Gene therapy can be used to treat retinitis pigmentosa, an inherited eye disease, and there will likely be an increase in approved gene therapies for ophthalmic conditions, explained Michel Michaelides, MD, FACP, consultant ophthalmologist and professor of ophthalmology at the University. Department of Genetics at the College London Institute of Ophthalmology.
Michel Michaelides, MD, FACP, explains how gene therapy can be used to treat retinitis pigmentosa, an inherited eye disease, and how it could be used in the future of eye care. Michaelides is Consultant Ophthalmologist at Moorfields Eye Hospital in the Department of Medical Retina, Inherited Eye Diseases and Pediatric Ophthalmology and Professor of Ophthalmology in the Department of Genetics at University College London Institute of Ophthalmology.
What is the meaning of RPGR (GTPase regulator) in retinitis pigmentosa and how can gene therapy address it?
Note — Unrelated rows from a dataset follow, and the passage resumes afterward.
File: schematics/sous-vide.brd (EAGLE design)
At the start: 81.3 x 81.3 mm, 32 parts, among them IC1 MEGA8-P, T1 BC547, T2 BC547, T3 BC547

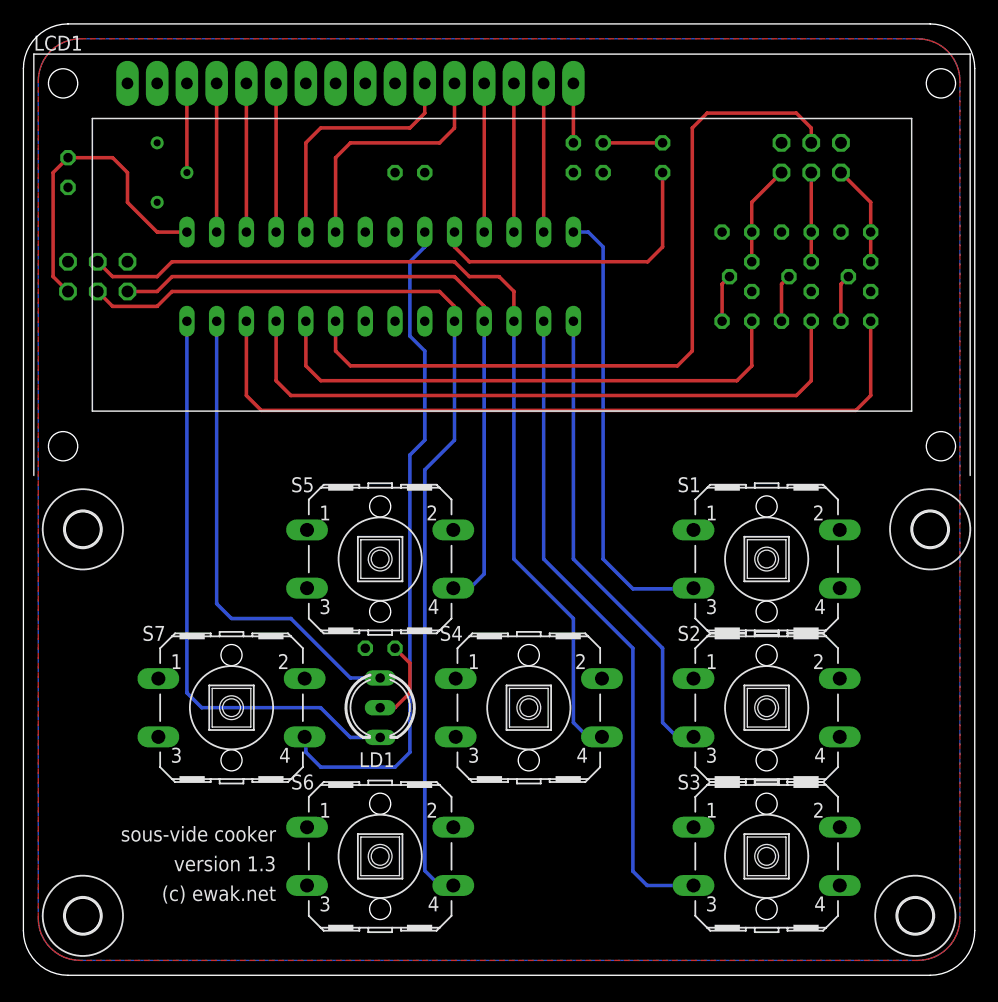
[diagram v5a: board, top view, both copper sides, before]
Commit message: Removed button and LED and added crystal for more precise timing over longer periods.
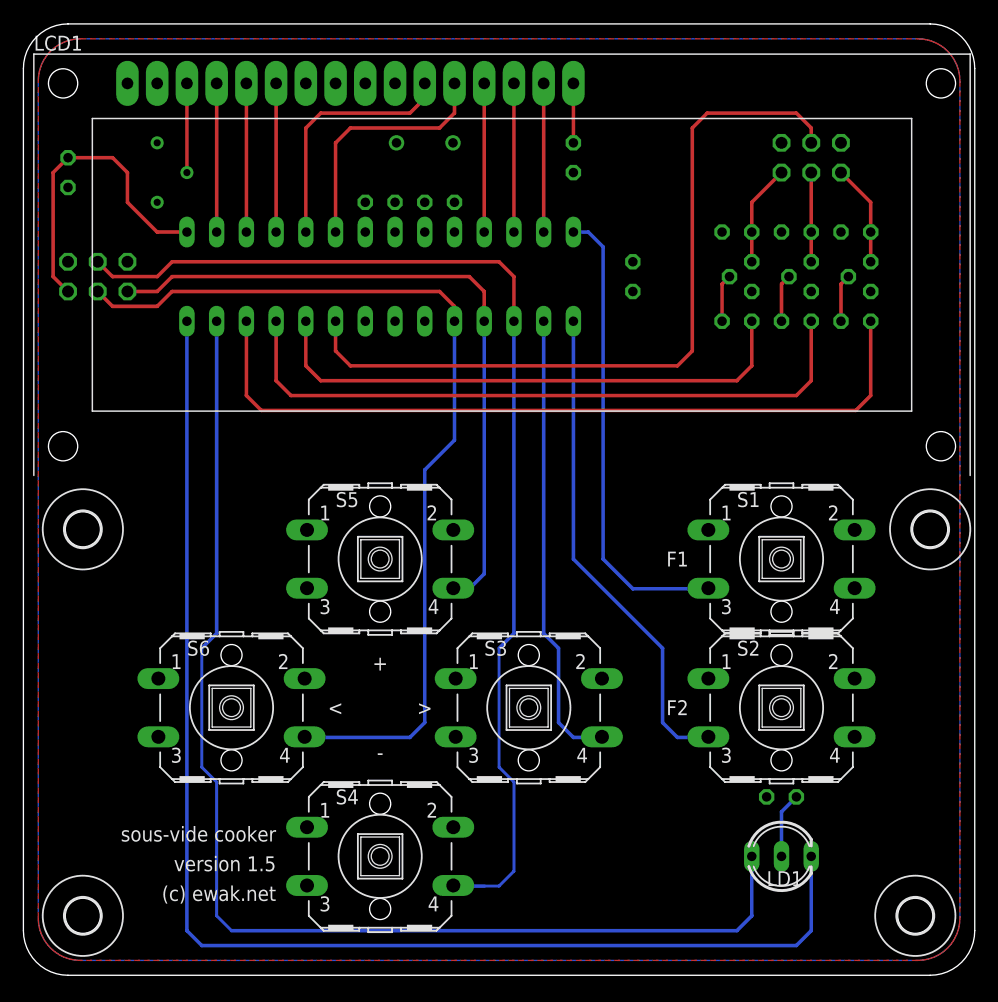
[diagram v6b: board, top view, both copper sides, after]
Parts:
- removed LED1: (no value), led:LED3MM
- removed R8: 180, rcl:0207/2V
- removed S7: (no value), switch-omron:B3F-40XX
- added C2, C3: 100n, resistor:C025-025X050
- added Q1: (no value), crystal:HC49U-V
- moved LD1 36.6 mm to (64.8, 10.2), turned to 0 degrees
- moved R7 36.6 mm to (64.8, 15.2)
- moved S3 24.0 mm to (43.2, 22.9)
- moved S4 18.0 mm to (30.5, 10.2)
- moved S6 18.0 mm to (17.8, 22.9)
- moved C1 3.59 mm to (30.5, 66.0), turned to 180 degrees
- moved S1 1.27 mm to (64.8, 35.6)
- moved S2 1.27 mm to (64.8, 22.9)
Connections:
- removed net N$26: IC1.9, S7.4
- net GND: now also C1.1, C2.1, C3.2; no longer C1.2, R8.1, S7.1, S7.2
- net N$1: now also C1.2, IC1.9, Q1.2; no longer LED1.K, R8.2
- net N$15: now also C2.2, Q1.1; no longer LED1.A
- net N$35: now also S3.4; no longer S3.3
- net VCC: now also C3.1; no longer C1.1
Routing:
- net N$8: track 49.8 -> 112.8 mm
- net N$9: track 40.7 -> 103.7 mm
- net N$26: track 57.3 -> 0.00 mm
- net N$15: track 26.5 -> 0.00 mm
- net N$35: track 55.8 -> 39.1 mm
- net N$24: track 79.6 -> 94.6 mm
- net N$1: track 5.08 -> 0.00 mm
- net N$18: track 83.1 -> 79.6 mm
- net N$19: track 58.0 -> 60.1 mm
- net N$7: track 7.40 -> 5.61 mm
- net N$37: track 40.6 -> 41.9 mm
- net N$36: track 38.5 -> 39.8 mm
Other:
- board text added: "+"
- board text added: "+S-"
- board text added: "-"
- board text added: "<"
- board text added: ">"
- board text added: "CONTRAST"
- board text added: "F1"
- board text added: "F2"
- board text added: "ISP"
- board text added: "PHC"
- board text added: "version 1.5"
- board text removed: "version 1.3"

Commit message: PCB button and connector layout rearranged. NOT COMPATIBEL WITH PRE-1.5 CODE.
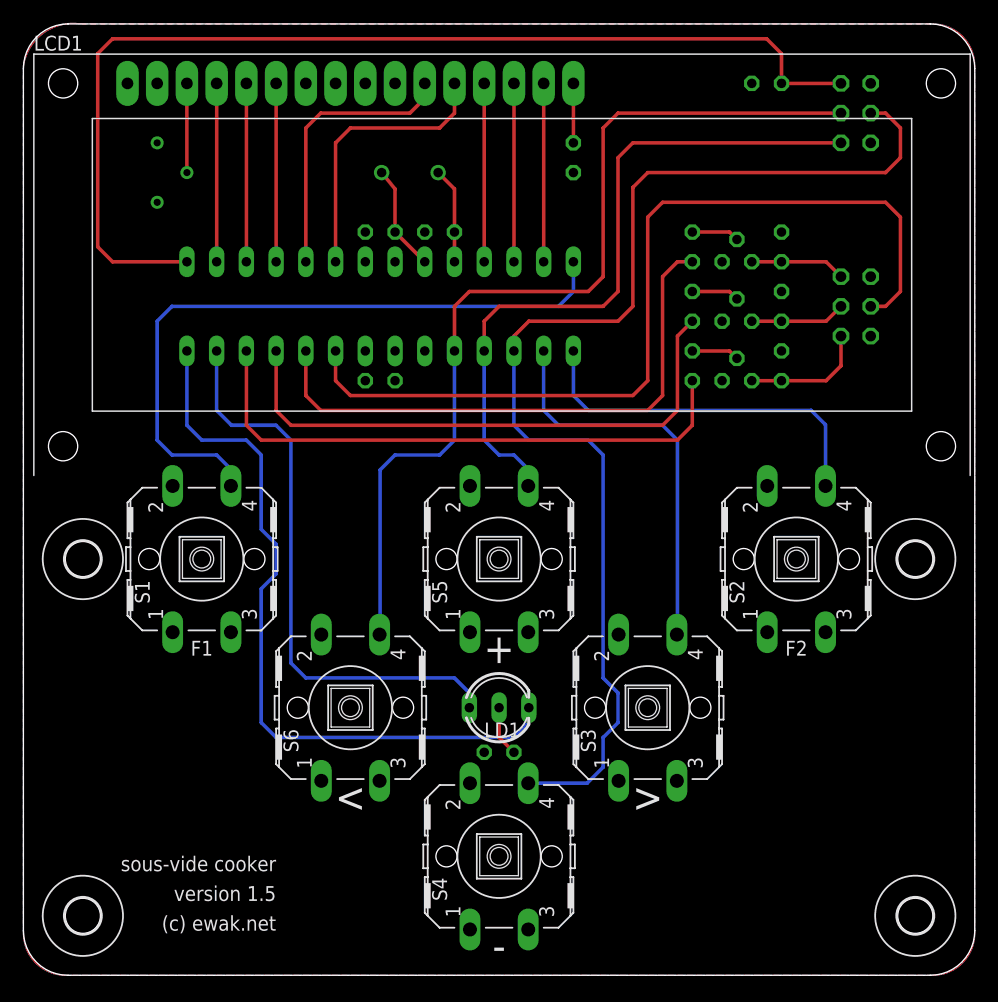
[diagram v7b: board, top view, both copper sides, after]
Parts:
- JP1, JP2: device pinhead:2X03 -> con-ml:ML6
- moved JP2 66.3 mm to (71.1, 73.7), turned to 90 degrees
- moved R1 60.2 mm to (63.5, 76.2), turned to 180 degrees
- moved S1 49.5 mm to (15.2, 35.6), turned to 90 degrees
- moved LD1 27.3 mm to (40.6, 22.9)
- moved R7 24.4 mm to (40.6, 19.1)
- moved C3 23.3 mm to (30.5, 50.8), turned to 0 degrees
- moved R4 14.5 mm to (57.1, 52.1), turned to 90 degrees
- moved T3 14.5 mm to (61.0, 50.8), turned to 0 degrees
- moved JP1 13.3 mm to (71.1, 57.1), turned to 90 degrees
- moved D3 13.1 mm to (64.8, 52.1), turned to 270 degrees
- moved S2 12.8 mm to (66.0, 35.6), turned to 90 degrees
- moved S3 10.2 mm to (53.3, 22.9), turned to 90 degrees
- moved S4 10.2 mm to (40.6, 10.2), turned to 90 degrees
- moved S5 10.2 mm to (40.6, 35.6), turned to 90 degrees
- moved S6 10.2 mm to (27.9, 22.9), turned to 90 degrees
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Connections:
- net N$36: now also S1.4; no longer S1.3
- net N$37: now also S2.4; no longer S2.3
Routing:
- net N$31: track 26.8 -> 91.7 mm
- net N$9: track 103.7 -> 49.1 mm
- net N$8: track 112.8 -> 62.8 mm
- net N$36: track 39.8 -> 58.1 mm
- net N$6: track 67.1 -> 49.3 mm
- net N$3: track 65.6 -> 76.3 mm
- net N$37: track 41.9 -> 31.6 mm
- net N$1: track 0.00 -> 9.08 mm
- net N$5: track 56.9 -> 48.6 mm
- net N$15: track 0.00 -> 8.20 mm
- net N$24: track 94.6 -> 101.9 mm
- net N$35: track 39.1 -> 34.2 mm
- net N$34: track 12.7 -> 15.2 mm
- net N$33: track 12.7 -> 15.2 mm
- net N$32: track 12.7 -> 15.2 mm
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
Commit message: Optimized traces and button definitions and send to pcb production as version 1.5
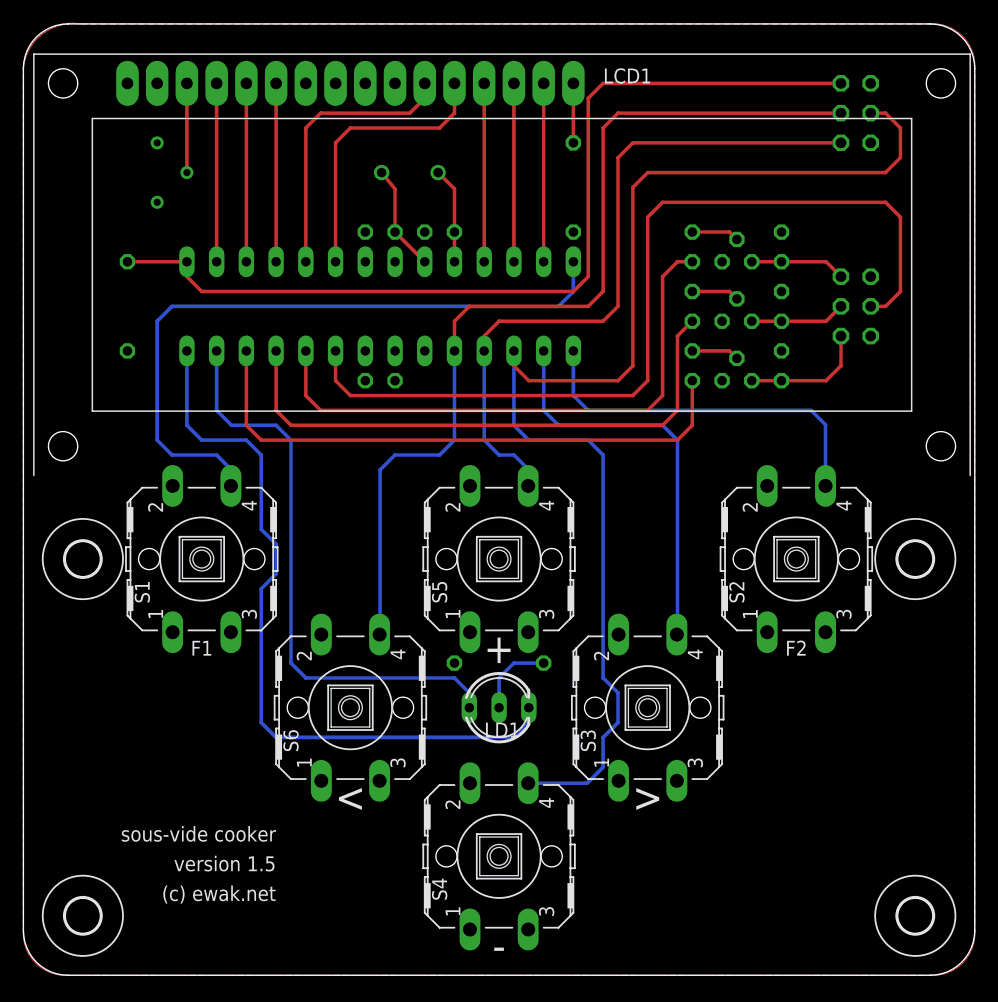
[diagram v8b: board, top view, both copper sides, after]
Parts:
- C1, C2: value 100n -> 22p
- R1, R6, R7: device rcl:0207/2V -> rcl:0207/7
- moved R1 57.8 mm to (8.89, 57.1), turned to 90 degrees
- moved R7 7.62 mm to (40.6, 26.7)
- moved R6 2.54 mm to (47.0, 67.3)
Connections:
- net GND: now also LCD1.10, LCD1.7, LCD1.8, LCD1.9
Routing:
- net N$31: track 91.7 -> 79.0 mm
- net N$24: track 101.9 -> 107.0 mm
- net N$7: track 4.34 -> 6.88 mm
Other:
- board text added: "IO"
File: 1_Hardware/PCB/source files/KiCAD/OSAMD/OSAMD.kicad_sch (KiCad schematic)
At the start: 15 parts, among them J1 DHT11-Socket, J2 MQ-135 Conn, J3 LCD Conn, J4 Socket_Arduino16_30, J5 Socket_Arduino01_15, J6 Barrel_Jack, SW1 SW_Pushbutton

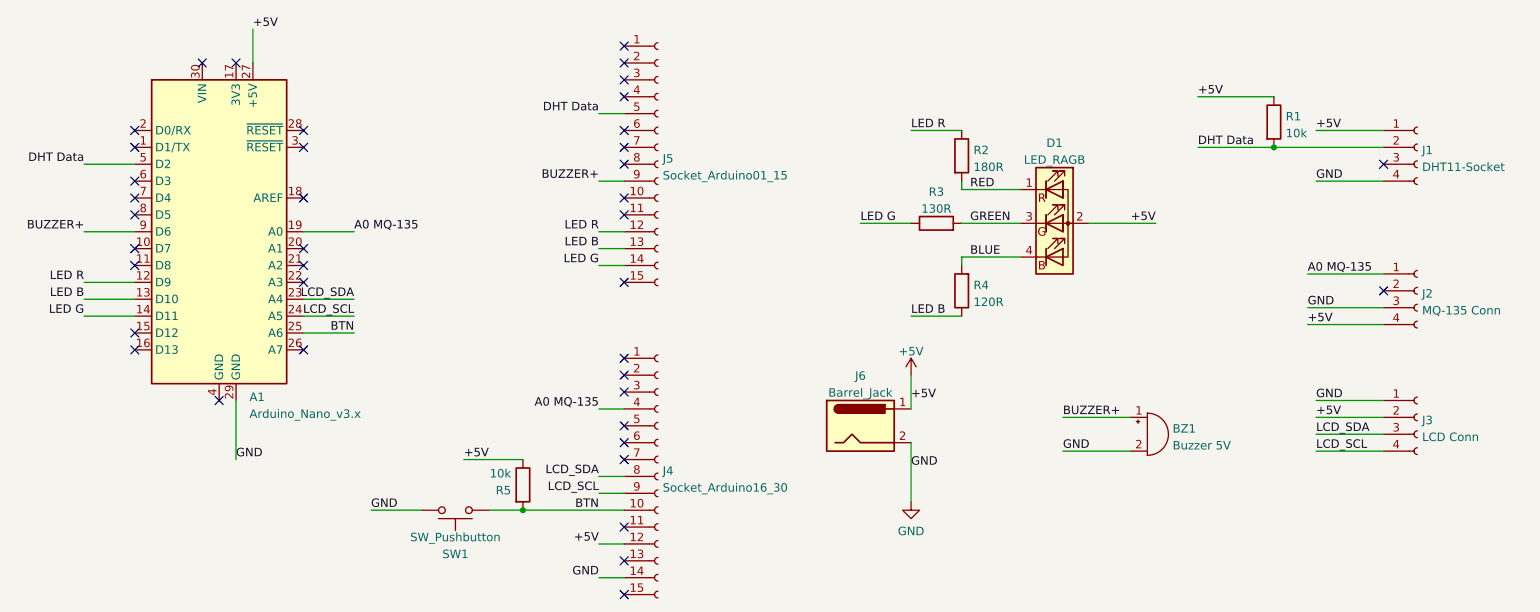
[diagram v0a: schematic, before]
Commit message: switched button and buzzer pin
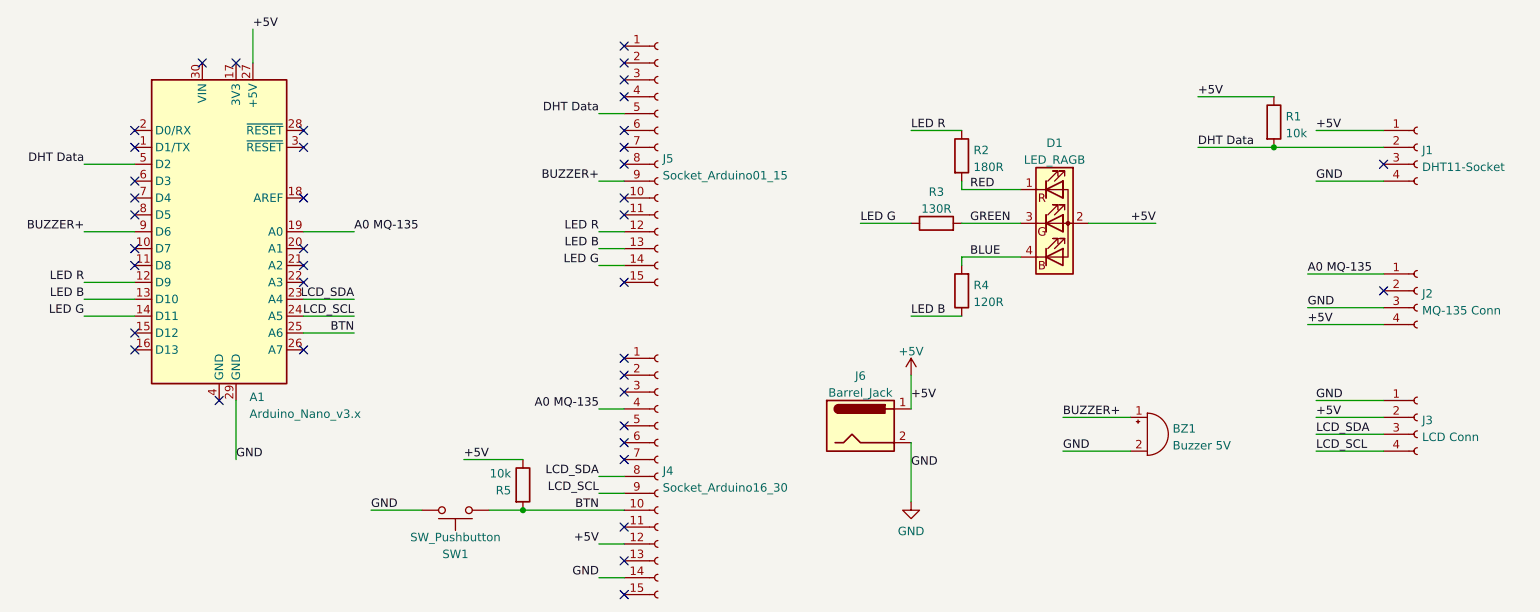
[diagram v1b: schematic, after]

Retinitis pigmentosa [RP] is genetically highly variable with over 100 different genes causing RP. RPGR is one of the most common causes of RP. It tends to be one of the most serious forms as well. It is therefore particularly significant that we are on the verge of potentially having an approvable drug for RPGR. So, fingers crossed for the phase 3 study that is currently underway.
How do you think gene therapy for the treatment of retinal diseases and other ophthalmic conditions will develop in the future?
So I’m very optimistic…there have been a few studies that haven’t quite reached their primary endpoint recently, but I think that’s to be expected in drug development. We have an approved therapy for one of our rarest diseases. And I’m sure there will be an increase in approved drugs over the next 5 years to really have a positive impact on the lives of our patients.